Die Merkmale eines Dorfs oder kleinen Städtchens treffen nur auf Birmingham zu,
was mir eigentlich schon wieder zu europäisch ist (gleichwohl auch schön), die
anderen beiden dienen nur zum Wohnen, eher typisch für USA. Zwischen der
Telegraph und der Woodward Avenue findet man einen tollen alten Baumbestand – neben
einem teilweise durchgedrehten Architektur-Potpourri verschiedenster Epochen.

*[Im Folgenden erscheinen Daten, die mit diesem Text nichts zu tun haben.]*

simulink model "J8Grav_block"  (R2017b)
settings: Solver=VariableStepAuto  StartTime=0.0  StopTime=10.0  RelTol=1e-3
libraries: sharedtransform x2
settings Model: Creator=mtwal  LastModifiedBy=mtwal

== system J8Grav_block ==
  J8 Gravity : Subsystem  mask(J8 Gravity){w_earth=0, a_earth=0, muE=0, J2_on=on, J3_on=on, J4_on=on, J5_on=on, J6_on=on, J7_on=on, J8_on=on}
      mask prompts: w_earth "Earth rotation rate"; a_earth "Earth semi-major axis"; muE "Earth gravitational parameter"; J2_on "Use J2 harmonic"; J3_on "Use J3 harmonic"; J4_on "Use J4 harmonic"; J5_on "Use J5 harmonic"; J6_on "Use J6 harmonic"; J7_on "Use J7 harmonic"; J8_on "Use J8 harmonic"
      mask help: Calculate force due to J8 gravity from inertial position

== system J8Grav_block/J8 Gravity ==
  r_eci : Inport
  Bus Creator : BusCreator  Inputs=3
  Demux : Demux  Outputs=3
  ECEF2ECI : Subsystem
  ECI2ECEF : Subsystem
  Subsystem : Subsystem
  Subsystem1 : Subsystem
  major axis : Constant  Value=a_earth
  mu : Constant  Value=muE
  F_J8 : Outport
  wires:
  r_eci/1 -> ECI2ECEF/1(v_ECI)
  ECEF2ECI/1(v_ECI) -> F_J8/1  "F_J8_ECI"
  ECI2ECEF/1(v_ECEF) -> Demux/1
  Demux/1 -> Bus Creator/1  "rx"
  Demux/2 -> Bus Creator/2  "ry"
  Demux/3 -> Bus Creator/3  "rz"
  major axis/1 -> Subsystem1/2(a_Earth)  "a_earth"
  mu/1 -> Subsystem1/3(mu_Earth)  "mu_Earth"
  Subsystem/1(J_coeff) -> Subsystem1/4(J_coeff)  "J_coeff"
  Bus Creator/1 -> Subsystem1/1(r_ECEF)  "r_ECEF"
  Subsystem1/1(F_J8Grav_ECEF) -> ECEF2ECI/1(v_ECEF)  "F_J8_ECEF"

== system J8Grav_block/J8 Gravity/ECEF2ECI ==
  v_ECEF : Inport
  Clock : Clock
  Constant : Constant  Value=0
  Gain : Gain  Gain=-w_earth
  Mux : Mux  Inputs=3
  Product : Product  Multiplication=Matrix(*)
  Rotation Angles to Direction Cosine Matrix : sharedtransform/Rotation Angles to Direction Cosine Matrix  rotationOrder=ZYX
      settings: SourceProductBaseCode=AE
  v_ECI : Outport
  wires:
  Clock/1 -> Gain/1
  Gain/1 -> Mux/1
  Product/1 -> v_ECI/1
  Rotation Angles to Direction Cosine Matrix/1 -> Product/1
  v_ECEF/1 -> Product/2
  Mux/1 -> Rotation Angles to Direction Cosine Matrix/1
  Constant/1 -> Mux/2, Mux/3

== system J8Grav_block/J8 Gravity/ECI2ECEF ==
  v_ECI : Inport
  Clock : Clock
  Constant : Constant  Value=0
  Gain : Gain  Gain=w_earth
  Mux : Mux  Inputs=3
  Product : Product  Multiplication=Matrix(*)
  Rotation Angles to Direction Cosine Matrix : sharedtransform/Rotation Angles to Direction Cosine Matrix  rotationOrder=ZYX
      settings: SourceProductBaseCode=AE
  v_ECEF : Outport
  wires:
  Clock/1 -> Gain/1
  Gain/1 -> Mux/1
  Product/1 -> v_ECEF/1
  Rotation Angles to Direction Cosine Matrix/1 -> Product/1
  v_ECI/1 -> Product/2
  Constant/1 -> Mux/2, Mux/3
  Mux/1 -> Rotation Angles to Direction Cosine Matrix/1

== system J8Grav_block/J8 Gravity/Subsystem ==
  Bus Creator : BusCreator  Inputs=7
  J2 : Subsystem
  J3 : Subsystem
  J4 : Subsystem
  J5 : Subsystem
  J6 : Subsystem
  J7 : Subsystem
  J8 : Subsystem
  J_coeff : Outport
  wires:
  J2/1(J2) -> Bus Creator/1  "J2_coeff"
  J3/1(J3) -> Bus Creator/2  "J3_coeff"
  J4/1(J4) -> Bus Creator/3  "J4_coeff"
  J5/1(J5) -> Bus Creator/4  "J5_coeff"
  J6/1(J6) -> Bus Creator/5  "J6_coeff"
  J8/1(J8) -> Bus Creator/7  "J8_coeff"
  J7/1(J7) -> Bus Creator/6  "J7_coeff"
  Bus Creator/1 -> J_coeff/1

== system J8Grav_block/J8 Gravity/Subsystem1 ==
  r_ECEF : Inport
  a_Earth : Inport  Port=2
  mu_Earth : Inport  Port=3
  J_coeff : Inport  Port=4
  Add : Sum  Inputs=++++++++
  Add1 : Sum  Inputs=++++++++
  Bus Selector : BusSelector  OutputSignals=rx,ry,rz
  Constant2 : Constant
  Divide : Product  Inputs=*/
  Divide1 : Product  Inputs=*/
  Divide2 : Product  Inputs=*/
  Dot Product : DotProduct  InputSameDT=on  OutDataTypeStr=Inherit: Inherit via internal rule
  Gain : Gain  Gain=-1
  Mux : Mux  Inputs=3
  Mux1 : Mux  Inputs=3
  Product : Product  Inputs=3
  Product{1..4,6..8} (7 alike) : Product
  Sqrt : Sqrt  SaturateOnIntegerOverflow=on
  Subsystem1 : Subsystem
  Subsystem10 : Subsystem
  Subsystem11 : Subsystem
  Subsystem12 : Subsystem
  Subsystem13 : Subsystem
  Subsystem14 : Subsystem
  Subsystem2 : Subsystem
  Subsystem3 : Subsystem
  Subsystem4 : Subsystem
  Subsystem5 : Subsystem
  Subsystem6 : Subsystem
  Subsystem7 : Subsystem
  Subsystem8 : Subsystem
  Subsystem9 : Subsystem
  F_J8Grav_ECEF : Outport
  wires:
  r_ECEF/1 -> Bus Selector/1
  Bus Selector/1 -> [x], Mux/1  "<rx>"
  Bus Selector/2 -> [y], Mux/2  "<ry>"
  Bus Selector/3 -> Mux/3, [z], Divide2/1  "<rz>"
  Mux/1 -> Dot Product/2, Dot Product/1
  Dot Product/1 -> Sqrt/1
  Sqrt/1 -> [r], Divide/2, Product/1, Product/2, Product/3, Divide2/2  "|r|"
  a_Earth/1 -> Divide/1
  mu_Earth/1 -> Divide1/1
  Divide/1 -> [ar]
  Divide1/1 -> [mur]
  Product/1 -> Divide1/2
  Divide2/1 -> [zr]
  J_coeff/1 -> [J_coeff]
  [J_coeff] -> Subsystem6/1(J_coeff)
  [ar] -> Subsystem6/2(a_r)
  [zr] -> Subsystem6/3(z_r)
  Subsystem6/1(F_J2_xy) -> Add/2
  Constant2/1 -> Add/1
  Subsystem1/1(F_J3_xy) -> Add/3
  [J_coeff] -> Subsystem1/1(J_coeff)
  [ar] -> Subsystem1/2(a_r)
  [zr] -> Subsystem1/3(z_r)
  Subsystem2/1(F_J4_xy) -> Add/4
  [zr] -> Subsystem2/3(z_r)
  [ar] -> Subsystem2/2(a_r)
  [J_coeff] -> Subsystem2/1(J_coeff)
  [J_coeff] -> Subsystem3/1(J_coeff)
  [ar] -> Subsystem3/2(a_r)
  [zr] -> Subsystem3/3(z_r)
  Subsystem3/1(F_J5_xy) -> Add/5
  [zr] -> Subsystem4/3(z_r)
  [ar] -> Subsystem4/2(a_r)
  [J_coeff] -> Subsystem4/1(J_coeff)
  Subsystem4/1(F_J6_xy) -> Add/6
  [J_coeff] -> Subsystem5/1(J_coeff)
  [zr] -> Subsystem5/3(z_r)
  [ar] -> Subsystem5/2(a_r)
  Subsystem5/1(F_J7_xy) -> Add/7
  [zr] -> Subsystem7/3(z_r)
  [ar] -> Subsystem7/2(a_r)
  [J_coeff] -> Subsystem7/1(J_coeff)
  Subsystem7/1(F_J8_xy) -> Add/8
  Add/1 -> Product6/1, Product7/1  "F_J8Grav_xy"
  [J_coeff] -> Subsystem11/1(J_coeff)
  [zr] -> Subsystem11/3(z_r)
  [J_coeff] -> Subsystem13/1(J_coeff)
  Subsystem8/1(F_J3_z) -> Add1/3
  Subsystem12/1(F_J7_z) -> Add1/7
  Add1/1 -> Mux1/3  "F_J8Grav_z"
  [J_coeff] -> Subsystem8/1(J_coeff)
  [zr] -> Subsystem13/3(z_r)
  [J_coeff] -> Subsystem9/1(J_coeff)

Von Weitem kann ich schon durch die Frontscheibe die avisierten Bäume sehen, nur wie geht
es jetzt weiter? Es gibt hier keine Bürgersteige oder Parkbuchten, die Straße
grenzt unmittelbar an Privatgrundstücke. Anzuhalten, ohne fremden Privatgrund
zu betreten, stellt sich schnell als Verkehrshindernis heraus, worauf die
anderen Verkehrsteilnehmer auch reagieren. Als ich meinen ersten Halt in einer
großzügigen Einfahrt vornehme, fällt mir wieder die Aussage eines Arbeitskollegen
hier vor Ort ein, dass eigentlich jeder Haushalt über geladene Schusswaffen
verfügt, um die Familie und den eigenen Grund und Boden zu verteidigen. Parkt
einer der hier so populären Pick-up-Trucks in Einfahrten kann man gut und gerne
davon ausgehen, dass darin noch mindestens eine weitere Schusswaffe griffbereit
gelagert wird. Ich möchte nicht ausschließen, dass es ggf. als Provokation
verstanden wird, wenn ein Fremder sein Auto in einer Einfahrt parkt und mit
einer Kamera Fotos vom Grundstück und dabei auch zwangsläufig vom Eigenheim
macht. Für mich als Opfer eines solchen imaginären Szenarios wäre die Aussage,
dass es sich um eine Fehlinterpretation der Wahrnehmung gehandelt hat, die zum
Schusswaffengebrauch führte, keine Genugtuung.
Ich begnüge mich also
damit, sofern kein Fahrzeug in Sichtweite hinter mir ist, bei laufendem Motor aus
dem geöffneten Fenster Fotos der Bäume zu machen und vor allem darauf zu
achten, dass ich es möglichst vermeide, Häuser und auf keinen Fall Menschen zu
fotografieren. Bei dieser Vorgehensweise leidet leider etwas der gestalterische Prozess der Fotografie.
Zum guten Schluss ist mir
dann doch noch der beeindruckende historische Campus der Cranbrook Academy of
Art in Bloomfield Hills eingefallen, den ich schon öfter auf dem Weg zur Arbeit
passiert habe, wo ich mich schließlich zu schöner 16:00-Uhr-Herbstsonne in
aller Ruhe auf die Jagd nach den Herbstfarben machen konnte.
So, und da ich jetzt schon mehrfach schon nach Fotos für diesen Blog gefragt wurde, wage ich mal einen Start mit der Beute von heute. Zwei Privatbäume und zwei vom Cranbrook Campus. Mein Baumfavorit ist hier der Ahorn, dessen Blätter rot, gelb und grün zugleich sein können.